No fim do terceiro século, estima-se que a população da igreja oscilava entre 5 e 15 por cento da população do império, que girava em torno de 50 a 75 milhões de pessoas. A terceira conseqüência foi a defesa da fé, que discutiremos mais adiante.
Oficialização da igreja pelo Estado Romano
O fim da perseguição levou ainda à oficialização formal do cristianismo como religião oficial civil do império no século V. Depois da morte de Constantino, venerado na igreja ortodoxa como décimo terceiro apóstolo de Cristo, e no cristianismo católico ocidental como "Magno" (grande), veio uma série de imperadores que ou trabalharam para consolidar as reformas religiosas iniciadas por Constantino, ou tentaram restaurar os cultos pagãos através da pugnação do cristianismo. O imperador Juliano, o Apóstata (361-363), foi particularmente quem mais fez para devolver o império ao paganismo. Numa guerra contra os persas, morreu desiludido depois de ver fracassados seus esforços. Ao expirar, teria reconhecido a vitória de Cristo com as célebres palavras "Venceste Galileu!".

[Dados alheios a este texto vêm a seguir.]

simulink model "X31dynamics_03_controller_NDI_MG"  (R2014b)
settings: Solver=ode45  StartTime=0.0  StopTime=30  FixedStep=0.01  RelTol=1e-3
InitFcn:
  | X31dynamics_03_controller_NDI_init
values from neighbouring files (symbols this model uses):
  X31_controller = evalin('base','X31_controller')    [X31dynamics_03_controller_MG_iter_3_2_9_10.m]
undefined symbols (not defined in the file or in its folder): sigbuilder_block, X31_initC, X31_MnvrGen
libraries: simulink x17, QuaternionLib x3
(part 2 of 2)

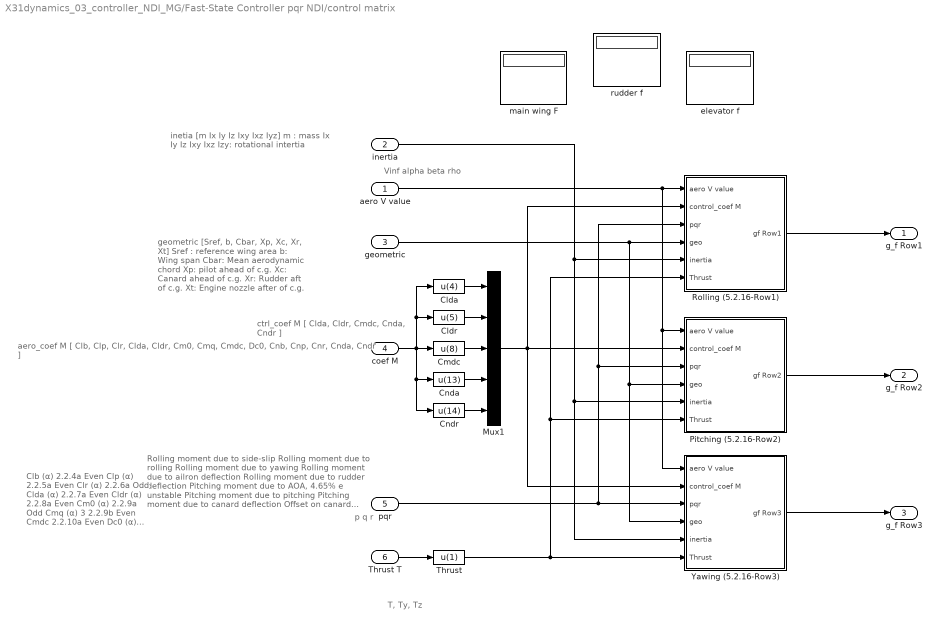
== system X31dynamics_03_controller_NDI_MG/Fast-State Controller pqr NDI/control matrix ==
  note: Vinf alpha beta rho
  note: p q r
  note: geometric
      |  [Sref, b, Cbar, Xp, Xc, Xr, Xt]
      |
      | Sref : reference wing area
      | b: Wing span
      | Cbar: Mean aerodynamic chord
      | Xp: pilot ahead of c.g.
      | Xc: Canard ahead of c.g.
      | Xr: Rudder aft of c.g.
      | Xt: Engine nozzle after of c.g.
  note: Rolling moment due to side-slip
      | Rolling moment due to rolling
      | Rolling moment due to yawing
      | Rolling moment due to ailron deflection
      | Rolling moment due to rudder deflection
      |
      | Pitching moment due to AOA, 4.65% e unstable
      | Pitching moment due to pitching
      | Pitching moment due to canard deflection
      | Offset on canard deflection
      |
      | Yawing moment due to side-slip
      | Yawing moment due to rolling
      | Yawing moment due to yawing
      | Yawing moment due to ailron deflection
      | Yawing moment due to rudder deflection
  note: Clb    (α) 2.2.4a Even
      | Clp    (α) 2.2.5a Even
      | Clr     (α) 2.2.6a Odd
      | Clda  (α) 2.2.7a Even
      | Cldr   (α) 2.2.8a Even
      |
      | Cm0  (α) 2.2.9a Odd
      | Cmq  (α) 3 2.2.9b Even
      | Cmdc      2.2.10a Even
      | Dc0   (α) 2.2.2/10b Odd
      |
      | Cnb  (α) 2.2.4b Even
      | Cnp  (α) 2.2.5b Odd
      | Cnr   (α) 2.2.6b Even
      | Cnda(α) 2.2.7b Even
      | Cndr (α) 2.2.8b Even
  note: aero_coef M
      | [ Clb, Clp, Clr, Clda, Cldr, Cm0, Cmq, Cmdc, Dc0, Cnb, Cnp, Cnr, Cnda, Cndr ]
  note: inetia
      | [m Ix Iy Iz Ixy Ixz Iyz]
      | m : mass
      | Ix Iy Iz Ixy Ixz Izy: rotational intertia
  note: ctrl_coef M
      | [ Clda, Cldr, Cmdc, Cnda, Cndr ]
  note: T, Ty, Tz
  aero V value : Inport
  inertia : Inport  Port=2
  geometric : Inport  Port=3
  coef M : Inport  Port=4
  pqr : Inport  Port=5
  Thrust T : Inport  Port=6
  Clda : Fcn  Expr=u(4)
  Cldr : Fcn  Expr=u(5)
  Cmdc : Fcn  Expr=u(8)
  Cnda : Fcn  Expr=u(13)
  Cndr : Fcn  Expr=u(14)
  Mux1 : Mux  Inputs=5
  Pitching (5.2.16-Row2) : Subsystem
  Rolling (5.2.16-Row1) : Subsystem
  Thrust : Fcn  Expr=u(1)
  Yawing (5.2.16-Row3) : Subsystem
  elevator f : Display
  main wing F : Display
  rudder f : Display
  g_f Row1 : Outport
  g_f Row2 : Outport  Port=2
  g_f Row3 : Outport  Port=3
  wires:
  pqr/1 -> Yawing (5.2.16-Row3)/3(pqr), Pitching (5.2.16-Row2)/3(pqr), Rolling (5.2.16-Row1)/3(pqr)
  aero V value/1 -> Yawing (5.2.16-Row3)/1(aero V value), Pitching (5.2.16-Row2)/1(aero V value), Rolling (5.2.16-Row1)/1(aero V value)
  coef M/1 -> Clda/1, Cldr/1, Cndr/1, Cnda/1, Cmdc/1
  Mux1/1 -> Yawing (5.2.16-Row3)/2(control_coef M), Pitching (5.2.16-Row2)/2(control_coef M), Rolling (5.2.16-Row1)/2(control_coef M)
  geometric/1 -> Yawing (5.2.16-Row3)/4(geo), Pitching (5.2.16-Row2)/4(geo), Rolling (5.2.16-Row1)/4(geo)
  Clda/1 -> Mux1/1
  Cldr/1 -> Mux1/2
  Cmdc/1 -> Mux1/3
  Cnda/1 -> Mux1/4
  Cndr/1 -> Mux1/5
  Thrust T/1 -> Thrust/1
  inertia/1 -> Pitching (5.2.16-Row2)/5(inertia), Yawing (5.2.16-Row3)/5(inertia), Rolling (5.2.16-Row1)/5(inertia)
  Yawing (5.2.16-Row3)/1(gf Row3) -> g_f Row3/1
  Pitching (5.2.16-Row2)/1(gf Row2) -> g_f Row2/1
  Rolling (5.2.16-Row1)/1(gf Row1) -> g_f Row1/1
  Thrust/1 -> Yawing (5.2.16-Row3)/6(Thrust), Pitching (5.2.16-Row2)/6(Thrust), Rolling (5.2.16-Row1)/6(Thrust)

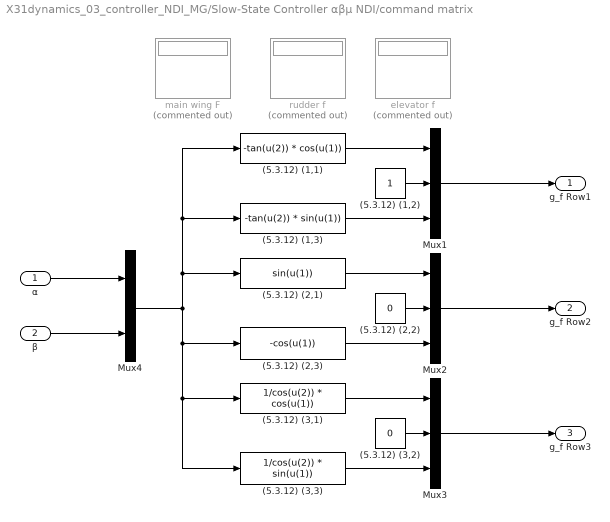
== system X31dynamics_03_controller_NDI_MG/Slow-State Controller αβμ NDI/command matrix ==
  α : Inport
  β : Inport  Port=2
  (5.3.12) (1,1) : Fcn  Expr=-tan(u(2)) * cos(u(1))
  (5.3.12) (1,2) : Constant
  (5.3.12) (1,3) : Fcn  Expr=-tan(u(2)) * sin(u(1))
  (5.3.12) (2,1) : Fcn  Expr=sin(u(1))
  (5.3.12) (2,2) : Constant  Value=0
  (5.3.12) (2,3) : Fcn  Expr=-cos(u(1))
  (5.3.12) (3,1) : Fcn  Expr=1/cos(u(2)) * cos(u(1))
  (5.3.12) (3,2) : Constant  Value=0
  (5.3.12) (3,3) : Fcn  Expr=1/cos(u(2)) * sin(u(1))
  Mux1 : Mux  Inputs=3
  Mux2 : Mux  Inputs=3
  Mux3 : Mux  Inputs=3
  Mux4 : Mux  Inputs=2
  elevator f : Display  Commented=on
  main wing F : Display  Commented=on
  rudder f : Display  Commented=on
  g_f Row1 : Outport
  g_f Row2 : Outport  Port=2
  g_f Row3 : Outport  Port=3
  wires:
  Mux3/1 -> g_f Row3/1
  Mux2/1 -> g_f Row2/1
  Mux1/1 -> g_f Row1/1
  α/1 -> Mux4/1
  β/1 -> Mux4/2
  (5.3.12) (3,2)/1 -> Mux3/2
  (5.3.12) (2,2)/1 -> Mux2/2
  (5.3.12) (1,2)/1 -> Mux1/2
  Mux4/1 -> (5.3.12) (1,3)/1, (5.3.12) (1,1)/1, (5.3.12) (2,1)/1, (5.3.12) (3,3)/1, (5.3.12) (3,1)/1, (5.3.12) (2,3)/1
  (5.3.12) (1,1)/1 -> Mux1/1
  (5.3.12) (1,3)/1 -> Mux1/3
  (5.3.12) (2,1)/1 -> Mux2/1
  (5.3.12) (2,3)/1 -> Mux2/3
  (5.3.12) (3,1)/1 -> Mux3/1
  (5.3.12) (3,3)/1 -> Mux3/3

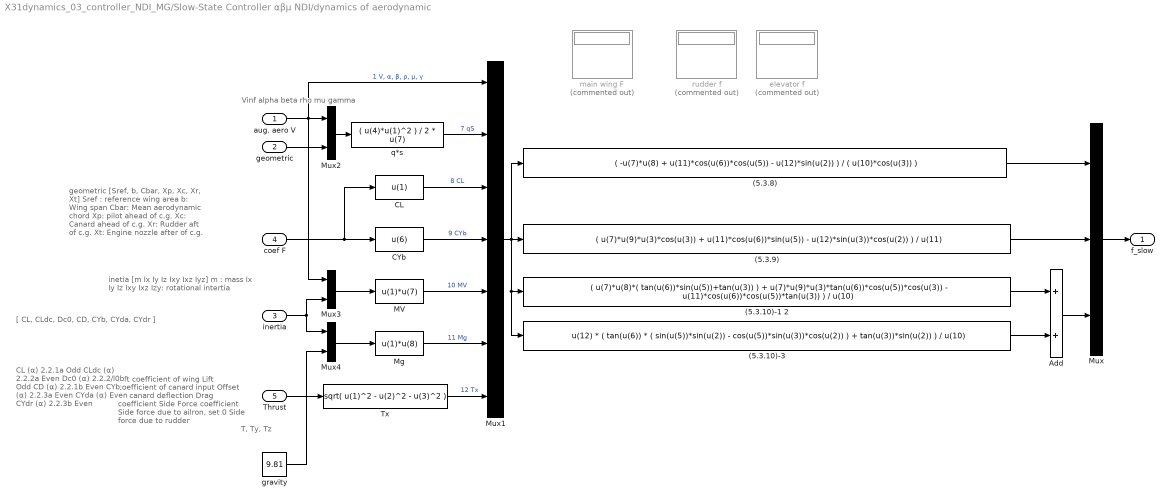
== system X31dynamics_03_controller_NDI_MG/Slow-State Controller αβμ NDI/dynamics of aerodynamic ==
  note: Vinf alpha beta rho mu gamma
  note: geometric
      |  [Sref, b, Cbar, Xp, Xc, Xr, Xt]
      |
      | Sref : reference wing area
      | b: Wing span
      | Cbar: Mean aerodynamic chord
      | Xp: pilot ahead of c.g.
      | Xc: Canard ahead of c.g.
      | Xr: Rudder aft of c.g.
      | Xt: Engine nozzle after of c.g.
  note: Lift coefficient of wing
      | Lift coefficient of canard input
      | Offset on canard deflection
      | Drag coefficient
      | Side Force coefficient
      | Side force due to ailron, set 0
      | Side force due to rudder
  note: CL     (α) 2.2.1a Odd
      | CLdc (α)  2.2.2a Even
      | Dc0   (α)  2.2.2/l0b Odd
      | CD     (α)  2.2.1b Even
      | CYb   (α) 2.2.3a Even
      | CYda (α)            Even
      | CYdr  (α) 2.2.3b Even
  note: [ CL, CLdc, Dc0, CD, CYb, CYda, CYdr ]
  note: T, Ty, Tz
  note: inetia
      | [m Ix Iy Iz Ixy Ixz Iyz]
      | m : mass
      | Ix Iy Iz Ixy Ixz Izy: rotational intertia
  aug. aero V : Inport
  geometric : Inport  Port=2
  inertia : Inport  Port=3
  coef F : Inport  Port=4
  Thrust : Inport  Port=5
  (5.3.10)-1 2 : Fcn  Expr="( u(7)*u(8)*( tan(u(6))*sin(u(5))+tan(u(3)) ) + u(7)*u(9)*u(3)*tan(u(6))*cos(u(5))*cos(u(3)) - u(11)*cos(u(6))*cos(u(5))*tan(u(3)) ) /  u(10)"
  (5.3.10)-3 : Fcn  Expr=u(12) * ( tan(u(6)) * ( sin(u(5))*sin(u(2)) - cos(u(5))*sin(u(3))*cos(u(2)) ) + tan(u(3))*sin(u(2)) ) / u(10)
  (5.3.8) : Fcn  Expr=( -u(7)*u(8) + u(11)*cos(u(6))*cos(u(5)) - u(12)*sin(u(2)) ) / ( u(10)*cos(u(3)) )
  (5.3.9) : Fcn  Expr=( u(7)*u(9)*u(3)*cos(u(3)) + u(11)*cos(u(6))*sin(u(5)) - u(12)*sin(u(3))*cos(u(2)) ) / u(11)
  Add : Sum
  CL : Fcn  Expr=u(1)
  CYb : Fcn  Expr=u(6)
  MV : Fcn  Expr=u(1)*u(7)
  Mg : Fcn  Expr=u(1)*u(8)
  Mux : Mux  Inputs=3
  Mux1 : Mux  Inputs=7
  Mux2 : Mux  Inputs=2
  Mux3 : Mux  Inputs=2
  Mux4 : Mux  Inputs=2
  Tx : Fcn  Expr=sqrt( u(1)^2 - u(2)^2 - u(3)^2 )
  elevator f : Display  Commented=on
  gravity : Constant  Value=9.81
  main wing F : Display  Commented=on
  q*s : Fcn  Expr=( u(4)*u(1)^2 ) / 2 * u(7)
  rudder f : Display  Commented=on
  f_slow : Outport
  wires:
  Mux/1 -> f_slow/1
  aug. aero V/1 -> Mux2/1, Mux1/1, Mux3/1  "1 V, α, β, ρ, μ, γ"
  coef F/1 -> CL/1, CYb/1
  geometric/1 -> Mux2/2
  q*s/1 -> Mux1/2  "7 qS"
  (5.3.10)-1 2/1 -> Add/1
  (5.3.8)/1 -> Mux/1
  (5.3.9)/1 -> Mux/2
  Mux3/1 -> MV/1
  Thrust/1 -> Tx/1
  Tx/1 -> Mux1/7  "12 Tx"
  MV/1 -> Mux1/5  "10 MV"
  CYb/1 -> Mux1/4  "9 CYb"
  CL/1 -> Mux1/3  "8 CL"
  Mux1/1 -> (5.3.8)/1, (5.3.9)/1, (5.3.10)-3/1, (5.3.10)-1 2/1
  Mux2/1 -> q*s/1
  inertia/1 -> Mux4/1, Mux3/2
  Mg/1 -> Mux1/6  "11 Mg"
  Mux4/1 -> Mg/1
  gravity/1 -> Mux4/2
  (5.3.10)-3/1 -> Add/2
  Add/1 -> Mux/3

== system X31dynamics_03_controller_NDI_MG/Fast-State Controller pqr NDI/aerodynamic Moment/Pitching coefficient (5.2.14) ==
  note: 9 p q r
  note: 1 Vinf alpha beta rho
  note: 12 Sref, b, Cbar, Xp, Xc, Xr, Xt
  note: 5 Cm0, Cmq, Cmdc, Dc0
  aero V value : Inport
  aero_coef Mb : Inport  Port=2
  pqr : Inport  Port=3
  geo : Inport  Port=4
  Add : Sum
  Aero : Display
  Mux : Mux
  ail prop F body : Display
  main wing F : Display
  pitching (5.2.14-2) : Fcn  Expr=u(6)* u(10)*u(14) / (2*u(1))
  stateR 2 : Display
  static stability (5.2.14-1) : Fcn  Expr=u(5)
  Cm : Outport
  wires:
  aero_coef Mb/1 -> Mux/2
  Mux/1 -> static stability (5.2.14-1)/1, pitching (5.2.14-2)/1
  aero V value/1 -> Mux/1
  pqr/1 -> Mux/3
  pitching (5.2.14-2)/1 -> Add/2
  static stability (5.2.14-1)/1 -> Add/1
  Add/1 -> Cm/1
  geo/1 -> Mux/4

== system X31dynamics_03_controller_NDI_MG/Fast-State Controller pqr NDI/aerodynamic Moment/Rolling coefficient (5.2.13) ==
  note: 10 p q r
  note: 1 Vinf alpha beta rho
  note: 5 Clb, Clp, Clr, Clda, Cldr
  note: 13 Sref, b, Cbar, Xp, Xc, Xr, Xt
  aero V value : Inport
  aero_coef M : Inport  Port=2
  pqr : Inport  Port=3
  geo : Inport  Port=4
  Add : Sum  Inputs=+++
  Aero : Display  Commented=on
  Mux : Mux
  ail prop F body : Display  Commented=on
  main wing F : Display  Commented=on
  rolling (5.2.13-2) : Fcn  Expr=u(6)* u(10)*u(14) / (2*u(1))
  sideslip (5.2.13-1) : Fcn  Expr=u(5)*u(3)
  stateR 2 : Display  Commented=on
  yawing (5.2.13-3) : Fcn  Expr=u(7)* u(12)*u(14) / (2*u(1))
  Cl hat : Outport
  wires:
  aero_coef M/1 -> Mux/2
  Mux/1 -> sideslip (5.2.13-1)/1, rolling (5.2.13-2)/1, yawing (5.2.13-3)/1
  aero V value/1 -> Mux/1
  pqr/1 -> Mux/3
  geo/1 -> Mux/4
  yawing (5.2.13-3)/1 -> Add/3
  rolling (5.2.13-2)/1 -> Add/2
  sideslip (5.2.13-1)/1 -> Add/1
  Add/1 -> Cl hat/1

== system X31dynamics_03_controller_NDI_MG/Fast-State Controller pqr NDI/aerodynamic Moment/Yawing coefficient (5.2.15) ==
  note: 10 p q r
  note: 1 Vinf alpha beta rho
  note: 13 Sref, b, Cbar, Xp, Xc, Xr, Xt
  note: 5 Cnb, Cnp, Cnr, Cnda, Cndr
  aero V value : Inport
  aero_coef M : Inport  Port=2
  pqr : Inport  Port=3
  geo : Inport  Port=4
  Add : Sum  Inputs=+++
  Aero : Display
  Mux : Mux
  ail prop F body : Display
  main wing F : Display
  rolling (5.2.15-2) : Fcn  Expr=u(6)* u(10)*u(14) / (2*u(1))
  sideslip (5.2.15-1) : Fcn  Expr=u(5)*u(3)
  stateR 2 : Display
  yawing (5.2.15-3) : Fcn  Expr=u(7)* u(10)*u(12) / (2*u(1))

Chegara ao trono imperial Teodósio, que em 380 assinou uma série de Editos que oficializaram o cristianismo como religião civil da sociedade romana. Entre outras coisas, (a) proscreveu como ilegais todos os cultos pagãos no império; (b) considerou heresia condenável, também pela lei civil, qualquer doutrina que divergisse da genuína doutrina cristã dos apóstolos. Assinou um decreto que proibiu oficialmente os "hereges" de realizarem reuniões públicas, evocou para eles o juízo divino e promulgou punição civil para eles. De perseguida a igreja cristã se tornou perseguidora dos hereges. Depois dele, o império dividiu-se entre o oeste (derrubado e subdividido mais tarde pelos germanos no ano 486) e o leste. No leste (parte orienta), com o imperador Justiniano (527-565), a igreja foi totalmente submetida ao estado e se tornaria igreja do império romano. Veremos que o cristianismo acabará dividido também seguindo a divisão do império.
Relembremos o que aprendemos nesta parte. A característica mais notável da Igreja Primitiva foi sua rápida expansão. Depois do Pentecoste, o Espírito Santo levou os primeiros cristãos a uma grande determinação missionária que levou o evangelho tanto a judeus quanto aos gentios espalhados no império romano. Paulo e Barnabé foram os mais notáveis missionários do primeiro século. O rápido crescimento dos cristãos, bem como seus hábitos e práticas santas, incomodou os pagãos a ponto de persegui-los. O imperador Nero começou a onda de perseguição localizada contra os cristãos, que se tornou universal nos reinados de Décio e Diocleciano. Contudo, a conseqüência da perseguição veio a ser exatamente o inverso do que pretendiam os inimigos do Espírito que atuava na igreja. O cristianismo cresceu com a perseguição. E ao terminar a perseguição com Constantino, ela se tornou na única religião do império.